§ **Problem description**
Every entry below is to be returned unchanged. Images are not part of the copy.

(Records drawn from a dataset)

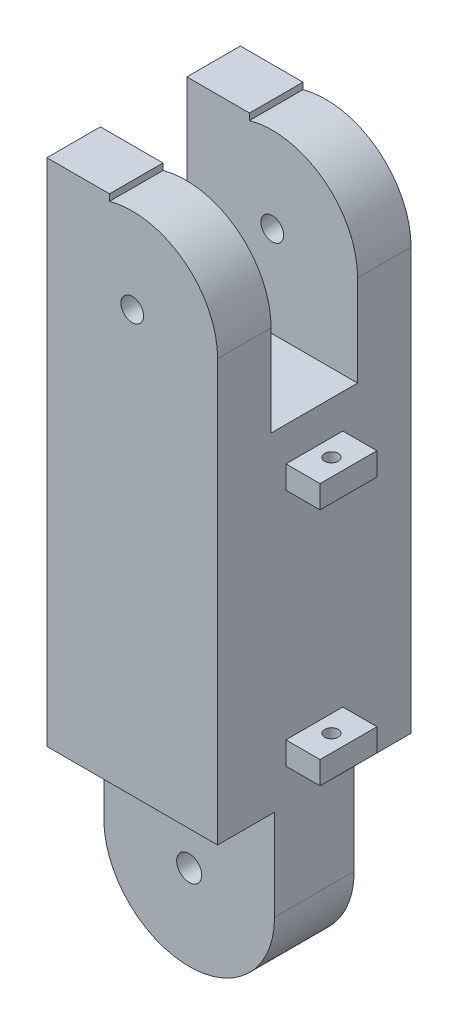
from build123d import *

# Parameters (mm, degrees)
LINK1_BODY_DEPTH       = 8.5
TONGUE_CUT_DEPTH       = 56.258483512
TONGUE_CUT_DEPTH_BACK  = 56.258483512
SKETCH1_W              = 5.5
SKETCH1_H              = 15.998130079
SKETCH7_W              = 5.5
SKETCH7_H              = 7.8
BOSS_EXTRUDE1_DEPTH    = 8.5
SLOT_CUT_DEPTH         = 55.003148056
SLOT_CUT_DEPTH_BACK    = 55.003148056
SKETCH2_W              = 7.6
SKETCH2_H              = 18
PIN_HOLES_DEPTH        = 55.003148056
PIN_HOLES_DEPTH_BACK   = 55.003148056
SKETCH3_R              = 1.1
SKETCH3_R_2            = 1
SKETCH4_W              = 3.5
SKETCH4_H              = 2
GUIDE_BLOCK_1_DEPTH    = 2.5
SKETCH5_W              = 3.5
SKETCH5_H              = 2
GUIDE_BLOCK_2_DEPTH    = 2.5
CORD_GUIDES_DEPTH      = 55.500938464
CORD_GUIDES_DEPTH_BACK = 55.500938464
SKETCH6_R              = 0.6


with BuildPart() as part:
    # Link1_Outline → Link1_Body (new, symmetric)
    with BuildSketch(Plane.XY):
        with BuildLine():
            Line((-7.5, 0), (-7.5, 45))
            ThreePointArc((-7.5, 45), (0, 52.5), (7.5, 45))
            Line((7.5, 45), (7.5, 0))
            ThreePointArc((7.5, 0), (0, -7.5), (-7.5, 0))
        make_face()
    extrude(amount=LINK1_BODY_DEPTH, both=True)

    # Sketch1 → Tongue_Cut (cut, two sides: drawn at the far end of the back side and taken through both)
    with BuildSketch(Plane(origin=(7.5, 0, 0), x_dir=(0, 0, -1), z_dir=(1, 0, 0)).offset(-TONGUE_CUT_DEPTH_BACK)):
        with Locations((6.25, -0.00093496)):
            Rectangle(SKETCH1_W, SKETCH1_H)
        with Locations((-6.25, -0.00093496)):
            Rectangle(SKETCH1_W, SKETCH1_H)
    extrude(amount=TONGUE_CUT_DEPTH + TONGUE_CUT_DEPTH_BACK, mode=Mode.SUBTRACT)

    # Sketch7 → Boss-Extrude1 (add, symmetric)
    with BuildSketch(Plane.XY):
        with Locations((-4.75, 48.9)):
            Rectangle(SKETCH7_W, SKETCH7_H)
    extrude(amount=BOSS_EXTRUDE1_DEPTH, both=True)

    # Sketch2 → Slot_Cut (cut, two sides: drawn at the far end of the back side and taken through both)
    with BuildSketch(Plane(origin=(0, 0, 0), x_dir=(0, 0, -1), z_dir=(1, 0, 0)).offset(-SLOT_CUT_DEPTH_BACK)):
        with Locations((0, 46)):
            Rectangle(SKETCH2_W, SKETCH2_H)
    extrude(amount=SLOT_CUT_DEPTH + SLOT_CUT_DEPTH_BACK, mode=Mode.SUBTRACT)

    # Sketch3 → Pin_Holes (cut, two sides: drawn at the far end of the back side and taken through both)
    with BuildSketch(Plane.XY.offset(-PIN_HOLES_DEPTH_BACK)):
        Circle(SKETCH3_R)
        with Locations((0, 45)):
            Circle(SKETCH3_R_2)
    extrude(amount=PIN_HOLES_DEPTH + PIN_HOLES_DEPTH_BACK, mode=Mode.SUBTRACT)

    # Sketch4 → Guide_Block_1 (add, symmetric)
    with BuildSketch(Plane.XY):
        with Locations((8.75, 12)):
            Rectangle(SKETCH4_W, SKETCH4_H)
    extrude(amount=GUIDE_BLOCK_1_DEPTH, both=True)

    # Sketch5 → Guide_Block_2 (add, symmetric)
    with BuildSketch(Plane.XY):
        with Locations((8.750585387, 33)):
            Rectangle(SKETCH5_W, SKETCH5_H)
    extrude(amount=GUIDE_BLOCK_2_DEPTH, both=True)

    # Sketch6 → Cord_Guides (cut, two sides: drawn at the far end of the back side and taken through both)
    with BuildSketch(Plane(origin=(0, 0, 0), x_dir=(1, 0, 0), z_dir=(0, 1, 0)).offset(-CORD_GUIDES_DEPTH_BACK)):
        with Locations((9, 0)):
            Circle(SKETCH6_R)
    extrude(amount=CORD_GUIDES_DEPTH + CORD_GUIDES_DEPTH_BACK, mode=Mode.SUBTRACT)


solid = part.part

§ **Exercise output**
from build123d import *

# Parameters (mm, degrees)
LINK1_BODY_DEPTH       = 8.5
TONGUE_CUT_DEPTH       = 56.258483512
TONGUE_CUT_DEPTH_BACK  = 56.258483512
SKETCH1_W              = 5.5
SKETCH1_H              = 15.998130079
SKETCH7_W              = 5.5
SKETCH7_H              = 7.8
BOSS_EXTRUDE1_DEPTH    = 8.5
SLOT_CUT_DEPTH         = 55.003148056
SLOT_CUT_DEPTH_BACK    = 55.003148056
SKETCH2_W              = 7.6
SKETCH2_H              = 18
PIN_HOLES_DEPTH        = 55.003148056
PIN_HOLES_DEPTH_BACK   = 55.003148056
SKETCH3_R              = 1.1
SKETCH3_R_2            = 1
SKETCH4_W              = 3.5
SKETCH4_H              = 2
GUIDE_BLOCK_1_DEPTH    = 2.5
SKETCH5_W              = 3.5
SKETCH5_H              = 2
GUIDE_BLOCK_2_DEPTH    = 2.5
CORD_GUIDES_DEPTH      = 55.500938464
CORD_GUIDES_DEPTH_BACK = 55.500938464
SKETCH6_R              = 0.6


with BuildPart() as part:
    # Link1_Outline → Link1_Body (new, symmetric)
    with BuildSketch(Plane.XY):
        with BuildLine():
            Line((-7.5, 0), (-7.5, 45))
            ThreePointArc((-7.5, 45), (0, 52.5), (7.5, 45))
            Line((7.5, 45), (7.5, 0))
            ThreePointArc((7.5, 0), (0, -7.5), (-7.5, 0))
        make_face()
    extrude(amount=LINK1_BODY_DEPTH, both=True)

    # Sketch1 → Tongue_Cut (cut, two sides: drawn at the far end of the back side and taken through both)
    with BuildSketch(Plane(origin=(7.5, 0, 0), x_dir=(0, 0, -1), z_dir=(1, 0, 0)).offset(-TONGUE_CUT_DEPTH_BACK)):
        with Locations((6.25, -0.00093496)):
            Rectangle(SKETCH1_W, SKETCH1_H)
        with Locations((-6.25, -0.00093496)):
            Rectangle(SKETCH1_W, SKETCH1_H)
    extrude(amount=TONGUE_CUT_DEPTH + TONGUE_CUT_DEPTH_BACK, mode=Mode.SUBTRACT)

    # Sketch7 → Boss-Extrude1 (add, symmetric)
    with BuildSketch(Plane.XY):
        with Locations((-4.75, 48.9)):
            Rectangle(SKETCH7_W, SKETCH7_H)
    extrude(amount=BOSS_EXTRUDE1_DEPTH, both=True)

    # Sketch2 → Slot_Cut (cut, two sides: drawn at the far end of the back side and taken through both)
    with BuildSketch(Plane(origin=(0, 0, 0), x_dir=(0, 0, -1), z_dir=(1, 0, 0)).offset(-SLOT_CUT_DEPTH_BACK)):
        with Locations((0, 46)):
            Rectangle(SKETCH2_W, SKETCH2_H)
    extrude(amount=SLOT_CUT_DEPTH + SLOT_CUT_DEPTH_BACK, mode=Mode.SUBTRACT)

    # Sketch3 → Pin_Holes (cut, two sides: drawn at the far end of the back side and taken through both)
    with BuildSketch(Plane.XY.offset(-PIN_HOLES_DEPTH_BACK)):
        Circle(SKETCH3_R)
        with Locations((0, 45)):
            Circle(SKETCH3_R_2)
    extrude(amount=PIN_HOLES_DEPTH + PIN_HOLES_DEPTH_BACK, mode=Mode.SUBTRACT)

    # Sketch4 → Guide_Block_1 (add, symmetric)
    with BuildSketch(Plane.XY):
        with Locations((8.75, 12)):
            Rectangle(SKETCH4_W, SKETCH4_H)
    extrude(amount=GUIDE_BLOCK_1_DEPTH, both=True)

    # Sketch5 → Guide_Block_2 (add, symmetric)
    with BuildSketch(Plane.XY):
        with Locations((8.750585387, 33)):
            Rectangle(SKETCH5_W, SKETCH5_H)
    extrude(amount=GUIDE_BLOCK_2_DEPTH, both=True)

    # Sketch6 → Cord_Guides (cut, two sides: drawn at the far end of the back side and taken through both)
    with BuildSketch(Plane(origin=(0, 0, 0), x_dir=(1, 0, 0), z_dir=(0, 1, 0)).offset(-CORD_GUIDES_DEPTH_BACK)):
        with Locations((9, 0)):
            Circle(SKETCH6_R)
    extrude(amount=CORD_GUIDES_DEPTH + CORD_GUIDES_DEPTH_BACK, mode=Mode.SUBTRACT)


solid = part.part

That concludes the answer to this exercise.